There have been a number of recent director share purchases. On the 21st July non-executive director Michael Harper purchased 5,000 shares at a value of £12K; Chairman Mark Elliott purchased 20,000 shares at $62K; and CEO Steve Wadey purchased 15,000 shares at £36K.
On the 8th September it was announced that CFO David Smith purchased 8,936 shares at a value of just under £20K.
On the 21st September it was announced that non-executive director Susan Searle purchased 7,500 shares at a value of £17K.
On the 29th September the group released a trading update covering the first half of the year where hey stated that trading had been in line with expectations and the outlook for overall group performance this year is unchanged.

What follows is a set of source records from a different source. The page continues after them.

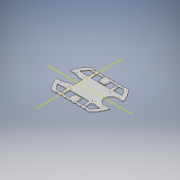
# Autodesk Inventor part: bottomPlate
Saved by Autodesk Inventor 2018 (Build 220112000, 112)
## iProperties
Created: 2020-01-08
Part Number: bottomPlate
Material: Generic
Document SubType Name: Modeling
Designer: anirudh
Density: 1 g/cm^3
Appearance: Default
Author: anirudh
Autodesk Inventor part; units mm, degrees
ref_plane "YZ Plane" through (0, 0, 0) normal (1, 0, 0) x (0, 1, 0)
ref_plane "XZ Plane" through (0, 0, 0) normal (0, 1, 0) x (-1, 0, 0)
ref_plane "XY Plane" through (0, 0, 0) normal (0, 0, 1) x (1, 0, 0)
sketch "Sketch1" plane through (0, 0, 0) normal (0, 1, 0) x (-1, 0, 0)
  arc A0 (-134.4042, 152.4) -> (-189.4285, 73.533) centre (0, 0) ccw
  arc A1 (-189.4285, -73.533) -> (-134.4042, -152.4) centre (0, 0) ccw
  arc A2 (-134.4042, 152.4) -> (-189.4285, 73.533) centre (0, 0) ccw
  arc A3 (-189.4285, -73.533) -> (-134.4042, -152.4) centre (0, 0) ccw
  arc A4 (214.8285, 73.533) -> (159.8042, 152.4) centre (25.4, 0) ccw
  arc A5 (159.8042, -152.4) -> (214.8285, -73.533) centre (25.4, 0) ccw
  arc A6 (214.8285, 73.533) -> (159.8042, 152.4) centre (25.4, 0) ccw
  arc A7 (159.8042, -152.4) -> (214.8285, -73.533) centre (25.4, 0) ccw
  arc A8 (-152.4, -50.8) -> (-152.4, 50.8) centre (-152.4, 0) ccw
  arc A9 (177.8, 50.8) -> (177.8, -50.8) centre (177.8, 0) ccw
  line L0 (177.8, 50.8) -> (222.1476, 50.8)
  line L1 (177.8, -50.8) -> (222.1476, -50.8)
  line L2 (-152.4, 50.8) -> (-196.7476, 50.8)
  line L3 (-152.4, -50.8) -> (-196.7476, -50.8)
  arc A10 (-134.4042, 152.4) -> (-196.7476, 50.8) centre (0, 0) ccw
  arc A11 (-196.7476, -50.8) -> (-134.4042, -152.4) centre (0, 0) ccw
  arc A12 (159.8042, -152.4) -> (222.1476, -50.8) centre (25.4, 0) ccw
  arc A13 (222.1476, 50.8) -> (159.8042, 152.4) centre (25.4, 0) ccw
  circle A14 centre (98.425, -65.0875) radius 2.1
  circle A15 centre (98.425, 65.0875) radius 2.1
  circle A16 centre (-73.025, 65.0875) radius 2.1
  circle A17 centre (-73.025, -65.0875) radius 2.1
  line L4 (-20.32, 152.4) -> (-20.32, 147.32)
  line L5 (-20.32, 147.32) -> (-30.48, 147.32)
  line L6 (-30.48, 147.32) -> (-30.48, 152.4)
  line L7 (-92.5481, 152.4) -> (-92.5481, 147.32)
  line L8 (-92.5481, 147.32) -> (-102.7081, 147.32)
  line L9 (-102.7081, 147.32) -> (-102.7081, 152.4)
  line L10 (-102.7081, 152.4) -> (-134.4042, 152.4)
  line L11 (-60.8521, 152.4) -> (-92.5481, 152.4)
  line L12 (-102.7081, 152.4) -> (-134.4042, 152.4)
  line L13 (-134.4042, 152.4) -> (-102.7081, 152.4)
  line L14 (12.7, 152.4) -> (-20.32, 152.4)
  line L15 (-30.48, 152.4) -> (-60.8521, 152.4)
  line L16 (12.7, 152.4) -> (-20.32, 152.4)
  line L17 (-30.48, 152.4) -> (-92.5481, 152.4)
  line L18 (-92.5481, 152.4) -> (-30.48, 152.4)
  line L19 (-20.32, 152.4) -> (12.7, 152.4)
  line L20 (45.72, 152.4) -> (45.72, 147.32)
  line L21 (45.72, 147.32) -> (55.88, 147.32)
  line L22 (55.88, 147.32) -> (55.88, 152.4)
  line L23 (117.9481, 152.4) -> (117.9481, 147.32)
  line L24 (117.9481, 147.32) -> (128.1081, 147.32)
  line L25 (128.1081, 147.32) -> (128.1081, 152.4)
  line L26 (-20.32, -152.4) -> (-20.32, -147.32)
  line L27 (-20.32, -147.32) -> (-30.48, -147.32)
  line L28 (-30.48, -147.32) -> (-30.48, -152.4)
  line L29 (-92.5481, -152.4) -> (-92.5481, -147.32)
  line L30 (-92.5481, -147.32) -> (-102.7081, -147.32)
  line L31 (-102.7081, -147.32) -> (-102.7081, -152.4)
  line L32 (55.88, -147.32) -> (55.88, -152.4)
  line L33 (45.72, -147.32) -> (55.88, -147.32)
  line L34 (45.72, -152.4) -> (45.72, -147.32)
  line L35 (117.9481, -147.32) -> (128.1081, -147.32)
  line L36 (128.1081, -147.32) -> (128.1081, -152.4)
  line L37 (117.9481, -152.4) -> (117.9481, -147.32)
  line L38 (128.1081, 152.4) -> (159.8042, 152.4)
  line L39 (12.7, 152.4) -> (45.72, 152.4)
  line L40 (55.88, 152.4) -> (117.9481, 152.4)
  line L41 (-102.7081, -152.4) -> (-134.4042, -152.4)
  line L42 (12.7, -152.4) -> (-20.32, -152.4)
  line L43 (-30.48, -152.4) -> (-92.5481, -152.4)
  line L44 (12.7, -152.4) -> (45.72, -152.4)
  line L45 (55.88, -152.4) -> (117.9481, -152.4)
  line L46 (128.1081, -152.4) -> (159.8042, -152.4)
  point P0 (-25.4, -152.4)
  point P1 (50.8, 152.4)
  point P2 (50.8, -152.4)
  point P3 (50.8, -152.4)
  dimension "d22" = 101.6
  dimension "d31" = 4.2
  dimension "d32" = 4.2
  dimension "d34" = 4.2
  constraints: 94 end point, 28 point on circle, 18 centre point, 15 collinear, 12 point on line, 7 perpendicular, 4 coincident, 2 tangent, 1 vertical
  measures "d22" diameter of A9
  measures "d31" diameter of A14
  measures "d32" diameter of A15
  measures "d34" diameter of A17
extrude "Extrusion2" add sketch "Sketch1" along normal blind 5.08
sketch "Sketch2" plane through (0, 5.08, 0) normal (0, 1, 0) x (1, 0, 0)
  arc A0 (-177.8, -50.8) -> (-177.8, 50.8) centre (-177.8, 0) ccw projected
  arc A1 (152.4, 50.8) -> (152.4, -50.8) centre (152.4, 0) ccw projected
  line L0 (-177.8, 0) -> (152.4, 0)
  line L1 (-12.7, 0) -> (-12.7, -152.4)
  line L2 (-12.7, 0) -> (-12.7, 152.4)
  line L3 (20.32, 152.4) -> (-45.72, 152.4) projected
  point P0 (0, 0)
  constraints: 6 end point, 2 midpoint, 1 horizontal
sketch "Sketch3" plane through (0, 5.08, 0) normal (0, 1, 0) x (1, 0, 0)
  circle A0 centre (9.525, 140.4366) radius 1.75
  circle A1 centre (-34.925, 140.4366) radius 1.75
  circle A2 centre (9.525, 102.362) radius 1.75
  circle A3 centre (-34.925, 102.362) radius 1.75
  arc A4 (152.4, 50.8) -> (152.4, -50.8) centre (152.4, 0) ccw projected
  circle A5 centre (9.525, -140.4366) radius 1.75
  circle A6 centre (-34.925, -140.4366) radius 1.75
  circle A7 centre (9.525, -102.362) radius 1.75
  circle A8 centre (-34.925, -102.362) radius 1.75
  point P0 (0, 0)
  dimension "d56" = 3.5
  dimension "d57" = 3.5
  dimension "d58" = 3.5
  constraints: 8 centre point
  measures "d56" diameter of A1
  measures "d57" diameter of A2
  measures "d58" diameter of A3
extrude "Extrusion3" cut sketch "Sketch3" against normal blind 25.4
sketch "Sketch4" plane through (0, 5.08, 0) normal (0, 1, 0) x (1, 0, 0)
  circle A0 centre (-12.7, 0) radius 300
  point P0 (-177.8, 0)
  point P1 (152.4, 0)
  constraints: 1 centre point
sketch "Sketch5" plane through (0, 5.08, 0) normal (0, 1, 0) x (1, 0, 0)
  line L0 (101.6, 0) -> (80.9498, 0)
  arc A0 (-177.8, -50.8) -> (-177.8, 50.8) centre (-177.8, 0) ccw projected
  line L1 (-106.3498, 0) -> (-106.3498, -74.5998)
  line L2 (30.48, -152.4) -> (92.5481, -152.4) projected
  line L3 (80.9498, -74.5998) -> (-106.3498, -74.5998)
  line L4 (-55.88, 152.4) -> (-117.9481, 152.4) projected
  line L5 (-106.3498, 74.5998) -> (80.9498, 74.5998)
  circle A1 centre (9.525, -102.362) radius 1.75 projected
  line L6 (20.32, 152.4) -> (-45.72, 152.4) projected
  circle A2 centre (-34.925, -140.4366) radius 1.75 projected
  line L7 (-41.3004, -140.4366) -> (-41.3004, -152.4)
  line L8 (-45.72, -152.4) -> (20.32, -152.4) projected
  circle A3 centre (-34.925, -102.362) radius 1.75 projected
  line L9 (-34.925, -89.6366) -> (-41.3004, -89.6366)
  line L10 (-41.3004, -89.6366) -> (15.9004, -89.6366)
  circle A4 centre (-34.925, 102.362) radius 1.75 projected
  line L11 (-34.925, 89.6366) -> (-41.3004, 89.6366)
  line L12 (-41.3004, 89.6366) -> (15.9004, 89.6366)
  line L13 (-41.3004, -152.4) -> (-41.3004, -89.6366)
  line L14 (-41.3004, 89.6366) -> (-41.3004, 152.4)
  line L15 (15.9004, -152.4) -> (15.9004, -89.6366)
  line L16 (15.9004, 89.6366) -> (15.9004, 152.4)
  line L17 (80.9498, -74.5998) -> (80.9498, 74.5998)
  line L18 (80.9498, 0) -> (80.9498, -74.5998)
  line L19 (-106.3498, -74.5998) -> (-106.3498, 74.5998)
  arc A5 (134.4042, -152.4) -> (196.7476, -50.8) centre (0, 0) ccw projected
  line L20 (102.7081, -152.4) -> (134.4042, -152.4) projected
  line L21 (80.9498, -74.5998) -> (80.9498, -68.2498)
  line L22 (84.1248, -68.2498) -> (119.6848, -68.2498)
  line L23 (119.6848, -68.2498) -> (119.6848, -86.0298)
  line L24 (119.6848, -86.0298) -> (84.1248, -86.0298)
  line L25 (84.1248, -86.0298) -> (84.1248, -68.2498)
  line L26 (152.4, 0) -> (-177.8, 0)
  line L27 (-12.7, 0) -> (-12.7, 50.8)
  line L28 (-109.5248, -68.2498) -> (-145.0848, -68.2498)
  line L29 (-145.0848, -68.2498) -> (-145.0848, -86.0298)
  line L30 (-145.0848, -86.0298) -> (-109.5248, -86.0298)
  line L31 (-109.5248, -86.0298) -> (-109.5248, -68.2498)
  line L32 (84.1248, 68.2498) -> (119.6848, 68.2498)
  line L33 (119.6848, 68.2498) -> (119.6848, 86.0298)
  line L34 (119.6848, 86.0298) -> (84.1248, 86.0298)
  line L35 (84.1248, 86.0298) -> (84.1248, 68.2498)
  line L36 (-109.5248, 86.0298) -> (-109.5248, 68.2498)
  line L37 (-145.0848, 86.0298) -> (-109.5248, 86.0298)
  line L38 (-145.0848, 68.2498) -> (-145.0848, 86.0298)
  line L39 (-109.5248, 68.2498) -> (-145.0848, 68.2498)
  line L40 (15.9004, -152.4) -> (15.9004, -133.35)
  line L41 (80.9498, -74.5998) -> (63.1698, -74.5998)
  line L42 (63.1698, -82.1182) -> (63.1698, -133.35)
  line L43 (63.1698, -133.35) -> (15.9004, -133.35)
  line L44 (0, -82.1182) -> (63.1698, -82.1182)
  line L45 (84.1248, -133.35) -> (117.6036, -133.35)
  line L46 (84.1248, -133.35) -> (84.1248, -86.0298)
  line L47 (84.1248, -86.0298) -> (155.6011, -86.0298)
  arc A6 (134.4042, -152.4) -> (196.7476, -50.8) centre (0, 0) ccw projected
  arc A7 (117.6036, -133.35) -> (155.6011, -86.0298) centre (0, 0) ccw
  line L48 (63.1698, 82.1182) -> (63.1698, 133.35)
  line L49 (63.1698, 133.35) -> (15.9004, 133.35)
  line L50 (0, 82.1182) -> (63.1698, 82.1182)
  line L51 (84.1248, 133.35) -> (117.6036, 133.35)
  line L52 (84.1248, 133.35) -> (84.1248, 86.0298)
  line L53 (84.1248, 86.0298) -> (155.6011, 86.0298)
  arc A8 (155.6011, 86.0298) -> (117.6036, 133.35) centre (0, 0) ccw
  line L54 (-88.5698, -82.1182) -> (-88.5698, -133.35)
  line L55 (-88.5698, -133.35) -> (-41.3004, -133.35)
  line L56 (-25.4, -82.1182) -> (-88.5698, -82.1182)
  line L57 (-109.5248, -133.35) -> (-143.0036, -133.35)
  line L58 (-109.5248, -133.35) -> (-109.5248, -86.0298)
  line L59 (-109.5248, -86.0298) -> (-181.0011, -86.0298)
  arc A9 (-181.0011, -86.0298) -> (-143.0036, -133.35) centre (-25.4, 0) ccw
  line L60 (-88.5698, 133.35) -> (-41.3004, 133.35)
  line L61 (-88.5698, 82.1182) -> (-88.5698, 133.35)
  line L62 (-25.4, 82.1182) -> (-88.5698, 82.1182)
  line L63 (-109.5248, 133.35) -> (-143.0036, 133.35)
  line L64 (-109.5248, 133.35) -> (-109.5248, 86.0298)
  line L65 (-109.5248, 86.0298) -> (-181.0011, 86.0298)
  arc A10 (-143.0036, 133.35) -> (-181.0011, 86.0298) centre (-25.4, 0) ccw
  line L66 (-41.3004, -133.35) -> (-88.5698, -133.35)
  line L67 (-88.5698, -133.35) -> (-88.5698, -82.1182)
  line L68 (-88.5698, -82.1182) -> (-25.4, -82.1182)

The EMEA services division started the year in a strong position. Following stronger order intake in Q2, the revenue for the year under contract is as expected and the board reiterate their guidance for modest growth in revenue in 2018. The Global products division has been trading in line with expectations during the first half. As a result of its contracted orders and pipeline of opportunities, as well as the expected full year contribution from Target Systems, the division is expected to grow this year.
In the UK home market, they secured an £8M order from the MOD to provide naval combat systems expertise for Type 26 Global Combat Ship added to the £110M eleven year Naval Combat System Integration Support Services contract agreed last year; and an order from Boeing, worth approximately £25M, to continue to deliver wind tunnel testing for their commercial aircraft development until 2024.
In their US and Australian home markets, they were awarded a significant order for aircraft launch and recovery equipment for the new class of US Navy aircraft carriers; and an A$8M order to manage mine warfare maintenance facilities at HMAS Waterhen for the Australian DoD.
Overall this seems like a steady update and I am tempted to jump back in there at the lower share price.